Abstract
Introduction
Carfilzomib (K or Cfz) is a widely used second-generation proteasome inhibitor for patients with multiple myeloma (MM). However, despite the numerous positive clinical results, there were only a few "real-world" studies, particularly among elderly patients. Avoiding Cfz for the elderly may be based on a potential selection bias to avoid rare but serious cardiovascular adverse events (CVAEs) associated with Cfz. Moreover, although Cfz-associated thrombotic microangiopathy (TMA) has been recently recognized, the incidence rate of TMA varied from less than 1% to 5.0%. To determine the efficacy of Cfz and occurrence of CVAEs in the elderly patients and the incidence of TMA, we reviewed 96 patients, including 28 elderly patients (aged ≥76 years) at our center. All participants or their family members provided written informed consent for inclusion in the study. The study was conducted according to the Declaration of Helsinki and approved by the ethical review board of our institute.
Methods
Cfz was administered in the same protocol as in each clinical trial. The choice of the Cfz regimen and the criteria for dose reduction, including dexamethasone use, were based on the patient's background and discretion of the treating physician.
Severe CVAEs were defined as events of grade ≥3 including heart failure, acute coronary syndrome, relative reduction in the left ventricular ejection fraction ≥20% from baseline, QT prolongation (corrected QT: ≥501 ms), and hypertension (systolic blood pressure of ≥160 mm Hg and/or diastolic blood pressure of ≥100 mm Hg, requiring two or more additional intensive medications than before) that were observed within three months after the initiation of Cfz therapy. The diagnosis of TMA was made as follows: when clinical findings were consistent with microangiopathic hemolytic anemia, such as thrombocytopenia, progressive anemia with schistocytes, elevated lactate dehydrogenase, and other differential diseases, including bacteremia or tumor progression, could be excluded.
Results
The patients' median age at Cfz initiation was 71 (range, 30-91) years. In total, 96 (100%), 86 (89.6%), 22 (22.9%), and 23 (23.9%) patients received bortezomib, lenalidomide, daratumumab, and autologous stem cell transplantation before Cfz therapy.

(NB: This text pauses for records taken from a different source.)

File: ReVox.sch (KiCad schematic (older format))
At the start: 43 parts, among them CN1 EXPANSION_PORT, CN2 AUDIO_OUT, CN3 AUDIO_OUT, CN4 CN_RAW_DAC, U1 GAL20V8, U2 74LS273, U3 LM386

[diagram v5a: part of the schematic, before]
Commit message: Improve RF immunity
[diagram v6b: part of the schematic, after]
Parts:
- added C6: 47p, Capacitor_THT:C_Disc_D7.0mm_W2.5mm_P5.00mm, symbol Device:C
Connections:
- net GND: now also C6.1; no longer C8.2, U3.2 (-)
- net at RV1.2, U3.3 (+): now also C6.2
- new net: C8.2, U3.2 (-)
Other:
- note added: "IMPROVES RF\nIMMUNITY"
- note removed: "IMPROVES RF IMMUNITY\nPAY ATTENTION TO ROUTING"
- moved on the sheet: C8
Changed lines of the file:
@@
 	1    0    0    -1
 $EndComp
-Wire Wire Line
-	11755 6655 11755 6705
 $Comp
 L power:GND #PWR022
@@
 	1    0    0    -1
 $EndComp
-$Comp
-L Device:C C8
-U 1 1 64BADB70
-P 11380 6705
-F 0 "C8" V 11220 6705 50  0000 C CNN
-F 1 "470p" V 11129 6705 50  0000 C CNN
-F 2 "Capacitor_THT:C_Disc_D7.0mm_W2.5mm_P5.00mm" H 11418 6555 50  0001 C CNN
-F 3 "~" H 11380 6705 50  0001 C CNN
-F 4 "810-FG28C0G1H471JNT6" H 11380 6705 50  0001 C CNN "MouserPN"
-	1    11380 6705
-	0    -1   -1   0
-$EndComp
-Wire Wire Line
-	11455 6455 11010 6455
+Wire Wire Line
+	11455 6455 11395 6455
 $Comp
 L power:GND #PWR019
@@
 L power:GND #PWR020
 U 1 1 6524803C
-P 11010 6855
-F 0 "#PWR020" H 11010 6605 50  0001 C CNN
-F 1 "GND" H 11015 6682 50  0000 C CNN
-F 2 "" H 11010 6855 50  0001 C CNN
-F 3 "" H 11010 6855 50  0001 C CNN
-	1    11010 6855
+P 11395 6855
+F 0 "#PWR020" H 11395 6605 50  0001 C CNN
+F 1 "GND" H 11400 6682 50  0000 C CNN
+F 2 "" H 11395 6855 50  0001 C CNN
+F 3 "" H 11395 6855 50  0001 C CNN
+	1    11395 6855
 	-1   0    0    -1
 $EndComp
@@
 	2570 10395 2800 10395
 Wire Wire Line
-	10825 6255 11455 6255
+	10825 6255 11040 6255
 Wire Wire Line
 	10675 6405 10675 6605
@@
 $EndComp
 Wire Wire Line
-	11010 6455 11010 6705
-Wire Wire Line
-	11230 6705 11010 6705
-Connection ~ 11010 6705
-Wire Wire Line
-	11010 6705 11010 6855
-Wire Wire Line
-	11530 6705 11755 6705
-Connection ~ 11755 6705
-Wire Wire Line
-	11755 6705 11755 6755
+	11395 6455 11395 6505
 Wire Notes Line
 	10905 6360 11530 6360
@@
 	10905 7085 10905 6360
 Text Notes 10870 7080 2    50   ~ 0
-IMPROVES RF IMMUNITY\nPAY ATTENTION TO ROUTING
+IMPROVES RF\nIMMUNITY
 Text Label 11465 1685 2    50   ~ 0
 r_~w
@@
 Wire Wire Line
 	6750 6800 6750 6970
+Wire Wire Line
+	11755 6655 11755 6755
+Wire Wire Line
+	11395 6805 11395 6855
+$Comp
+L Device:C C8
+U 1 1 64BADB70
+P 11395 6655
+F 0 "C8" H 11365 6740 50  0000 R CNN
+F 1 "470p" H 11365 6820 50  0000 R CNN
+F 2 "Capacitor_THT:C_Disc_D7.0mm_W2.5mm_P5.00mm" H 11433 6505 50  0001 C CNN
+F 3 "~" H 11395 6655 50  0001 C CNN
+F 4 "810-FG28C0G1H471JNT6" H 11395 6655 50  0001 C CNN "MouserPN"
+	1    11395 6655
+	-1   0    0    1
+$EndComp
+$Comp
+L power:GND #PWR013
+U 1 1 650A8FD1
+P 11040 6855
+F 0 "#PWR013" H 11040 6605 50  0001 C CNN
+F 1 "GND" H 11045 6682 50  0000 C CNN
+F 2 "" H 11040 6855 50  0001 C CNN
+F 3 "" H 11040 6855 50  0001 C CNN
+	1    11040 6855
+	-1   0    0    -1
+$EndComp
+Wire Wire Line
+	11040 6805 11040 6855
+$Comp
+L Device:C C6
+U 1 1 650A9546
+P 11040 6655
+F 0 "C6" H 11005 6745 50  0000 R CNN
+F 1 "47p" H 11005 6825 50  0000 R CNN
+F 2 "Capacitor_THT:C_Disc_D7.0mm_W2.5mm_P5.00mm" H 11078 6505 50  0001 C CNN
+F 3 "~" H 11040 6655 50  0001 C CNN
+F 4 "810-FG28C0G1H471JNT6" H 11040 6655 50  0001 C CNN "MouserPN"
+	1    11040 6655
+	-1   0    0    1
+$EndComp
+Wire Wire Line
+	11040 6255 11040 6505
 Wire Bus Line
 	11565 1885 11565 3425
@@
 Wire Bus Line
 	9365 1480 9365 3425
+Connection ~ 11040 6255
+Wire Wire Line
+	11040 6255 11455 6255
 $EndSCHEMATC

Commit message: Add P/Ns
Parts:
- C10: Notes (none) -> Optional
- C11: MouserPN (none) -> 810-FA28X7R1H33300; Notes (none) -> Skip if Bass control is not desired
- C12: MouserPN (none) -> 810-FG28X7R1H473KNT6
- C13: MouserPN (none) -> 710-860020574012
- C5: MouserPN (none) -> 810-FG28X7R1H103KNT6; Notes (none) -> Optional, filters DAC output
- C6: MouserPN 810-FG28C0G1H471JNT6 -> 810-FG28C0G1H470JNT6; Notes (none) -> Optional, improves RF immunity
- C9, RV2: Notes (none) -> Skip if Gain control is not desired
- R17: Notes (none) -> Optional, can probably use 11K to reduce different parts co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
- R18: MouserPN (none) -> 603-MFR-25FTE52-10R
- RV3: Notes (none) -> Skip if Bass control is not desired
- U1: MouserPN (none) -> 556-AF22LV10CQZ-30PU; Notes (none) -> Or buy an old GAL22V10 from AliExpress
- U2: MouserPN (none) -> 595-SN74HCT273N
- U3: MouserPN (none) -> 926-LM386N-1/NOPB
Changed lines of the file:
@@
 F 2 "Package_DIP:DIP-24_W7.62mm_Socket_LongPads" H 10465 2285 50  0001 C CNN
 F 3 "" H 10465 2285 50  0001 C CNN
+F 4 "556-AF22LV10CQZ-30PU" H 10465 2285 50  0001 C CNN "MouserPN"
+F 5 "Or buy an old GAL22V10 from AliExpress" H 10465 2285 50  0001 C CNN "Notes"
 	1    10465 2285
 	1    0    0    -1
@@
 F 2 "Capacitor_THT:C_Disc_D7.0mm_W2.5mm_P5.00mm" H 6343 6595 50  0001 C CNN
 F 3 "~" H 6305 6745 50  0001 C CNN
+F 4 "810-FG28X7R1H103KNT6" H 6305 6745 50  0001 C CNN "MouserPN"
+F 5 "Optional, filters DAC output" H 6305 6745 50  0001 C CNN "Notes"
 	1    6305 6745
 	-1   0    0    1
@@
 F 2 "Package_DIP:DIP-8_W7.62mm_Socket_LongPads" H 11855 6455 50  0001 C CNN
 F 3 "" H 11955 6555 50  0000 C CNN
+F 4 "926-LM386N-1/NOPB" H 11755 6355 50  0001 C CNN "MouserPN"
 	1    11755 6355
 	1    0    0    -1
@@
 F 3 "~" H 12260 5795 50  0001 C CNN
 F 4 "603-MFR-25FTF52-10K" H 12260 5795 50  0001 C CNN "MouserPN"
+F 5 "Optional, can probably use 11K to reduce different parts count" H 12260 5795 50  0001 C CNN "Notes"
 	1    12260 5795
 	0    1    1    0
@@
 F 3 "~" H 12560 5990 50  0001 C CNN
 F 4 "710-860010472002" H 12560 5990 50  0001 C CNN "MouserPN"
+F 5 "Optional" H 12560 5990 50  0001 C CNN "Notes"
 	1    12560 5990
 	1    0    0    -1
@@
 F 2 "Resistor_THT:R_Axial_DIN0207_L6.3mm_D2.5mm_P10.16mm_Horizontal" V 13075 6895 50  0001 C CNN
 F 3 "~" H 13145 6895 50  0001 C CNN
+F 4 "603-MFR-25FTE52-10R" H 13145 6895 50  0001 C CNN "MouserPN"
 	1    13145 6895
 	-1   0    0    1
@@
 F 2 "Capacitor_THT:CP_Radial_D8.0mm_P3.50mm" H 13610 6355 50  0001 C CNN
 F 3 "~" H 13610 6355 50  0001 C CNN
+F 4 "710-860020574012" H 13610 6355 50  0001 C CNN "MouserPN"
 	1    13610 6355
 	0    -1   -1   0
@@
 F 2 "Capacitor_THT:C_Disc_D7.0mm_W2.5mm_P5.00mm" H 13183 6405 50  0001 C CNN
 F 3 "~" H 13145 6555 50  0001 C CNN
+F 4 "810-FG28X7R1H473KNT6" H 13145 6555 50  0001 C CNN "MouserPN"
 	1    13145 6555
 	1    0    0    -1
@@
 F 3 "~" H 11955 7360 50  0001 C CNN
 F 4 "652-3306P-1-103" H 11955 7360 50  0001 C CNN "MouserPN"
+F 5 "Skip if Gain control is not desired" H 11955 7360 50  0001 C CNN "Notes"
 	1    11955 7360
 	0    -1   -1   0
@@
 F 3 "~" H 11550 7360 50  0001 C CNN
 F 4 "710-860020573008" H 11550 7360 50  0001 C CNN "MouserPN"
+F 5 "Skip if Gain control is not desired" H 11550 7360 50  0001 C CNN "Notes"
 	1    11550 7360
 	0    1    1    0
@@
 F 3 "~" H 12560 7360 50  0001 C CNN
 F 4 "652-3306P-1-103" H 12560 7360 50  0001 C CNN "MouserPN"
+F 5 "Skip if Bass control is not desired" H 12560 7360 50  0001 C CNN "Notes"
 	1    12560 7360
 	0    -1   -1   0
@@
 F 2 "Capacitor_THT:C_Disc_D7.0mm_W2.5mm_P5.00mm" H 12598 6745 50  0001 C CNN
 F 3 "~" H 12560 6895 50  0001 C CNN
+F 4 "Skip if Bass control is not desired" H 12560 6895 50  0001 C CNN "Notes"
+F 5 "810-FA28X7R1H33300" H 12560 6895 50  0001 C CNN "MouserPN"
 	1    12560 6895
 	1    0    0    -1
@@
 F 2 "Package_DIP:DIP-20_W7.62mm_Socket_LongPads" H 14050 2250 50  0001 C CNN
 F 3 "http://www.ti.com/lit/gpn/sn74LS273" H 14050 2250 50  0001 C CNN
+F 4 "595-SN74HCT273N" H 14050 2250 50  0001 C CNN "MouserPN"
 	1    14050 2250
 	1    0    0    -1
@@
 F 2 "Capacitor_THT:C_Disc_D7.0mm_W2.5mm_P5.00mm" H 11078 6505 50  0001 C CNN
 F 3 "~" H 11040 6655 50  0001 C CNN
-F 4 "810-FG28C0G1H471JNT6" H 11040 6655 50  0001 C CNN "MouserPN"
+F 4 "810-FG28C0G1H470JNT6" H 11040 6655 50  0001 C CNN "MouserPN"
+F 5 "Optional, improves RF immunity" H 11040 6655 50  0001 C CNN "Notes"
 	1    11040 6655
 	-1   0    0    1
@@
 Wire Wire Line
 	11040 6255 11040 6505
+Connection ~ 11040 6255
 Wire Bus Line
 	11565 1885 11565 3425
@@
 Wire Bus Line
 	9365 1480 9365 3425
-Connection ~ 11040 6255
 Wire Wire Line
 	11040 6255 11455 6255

Until the end of the study, 13 CVAEs (13.5%) of grade ≥3 were observed, including 2 (11.1%), 1 (11.1%), and 10 (15.2%) in patients who received Kd (Cfz and dexamethasone), DKd (Daratumumab, Cfz, and dexamethasone), and KRd (Cfz, lenalidomide, and dexamethasone), respectively. Despite the use of appropriate supportive care, grade ≥3 AEs resulting in Cfz withdrawal were noted in 25 patients: CVAEs in 11, thrombocytopenia in 4, TMA in 3, and infection in two patients. Notably, one patient with end-stage myeloma who received KRd 20/27 mg/m 2 died of CVAE on day 10 of cycle 1.
At Cfz initiation, 28 patients were aged 76-80 (n=14) and ≥81 years (n=14) (Fig. 1). Three elderly patients had severe CVAEs (10.7%). The median numbers of prior chemotherapy to Cfz, time to next treatment, and overall survival from Cfz initiation were 2.5, 28.0, and 41.1 months, respectively. Although 10 patients (35.7%) discontinued Cfz therapy due to disease progression, only four patients (14.3%) discontinued Cfz owing to grade ≥3 AEs, including TMA (n = 1) and CVAEs (n = 3).
Overall, five patients (5.2%) showed TMA. All patients received Kd-based regimens upon TMA development (Kd, n = 2 and DKd, n = 3). The median age of the patients who developed TMA was 74 years, and the Cfz dose was 20/27 in 1, 20/36 in 1, and 20/56 mg/m 2 in three patients. Although three patients developed TMA during the first Cfz cycle (on days 11, 16, and 21, respectively), two patients received KRd therapy before the Kd therapy that caused TMA. Two patients required temporary dialysis and four patients discontinued Cfz therapy. Eculizumab was administered in a patient and a kidney biopsy showed that the lumen of most glomerular capillaries was occluded by fibrin thrombi (Fig. 1). Furthermore, the vessel in the vascular pole of the glomerulus had necrotic lesions, suggesting drug-induced and complement-mediated TMA.
Conclusion
Cfz could be used safely in the elderly patients. The incidence of CVAEs by Cfz in elderly patients was similar to that in the entire cohort. The incidence of TMA was 5.2%, and Cfz-induced TMA should be carefully considered, particularly in patients using high-dose Cfz.
No relevant conflicts of interest to declare.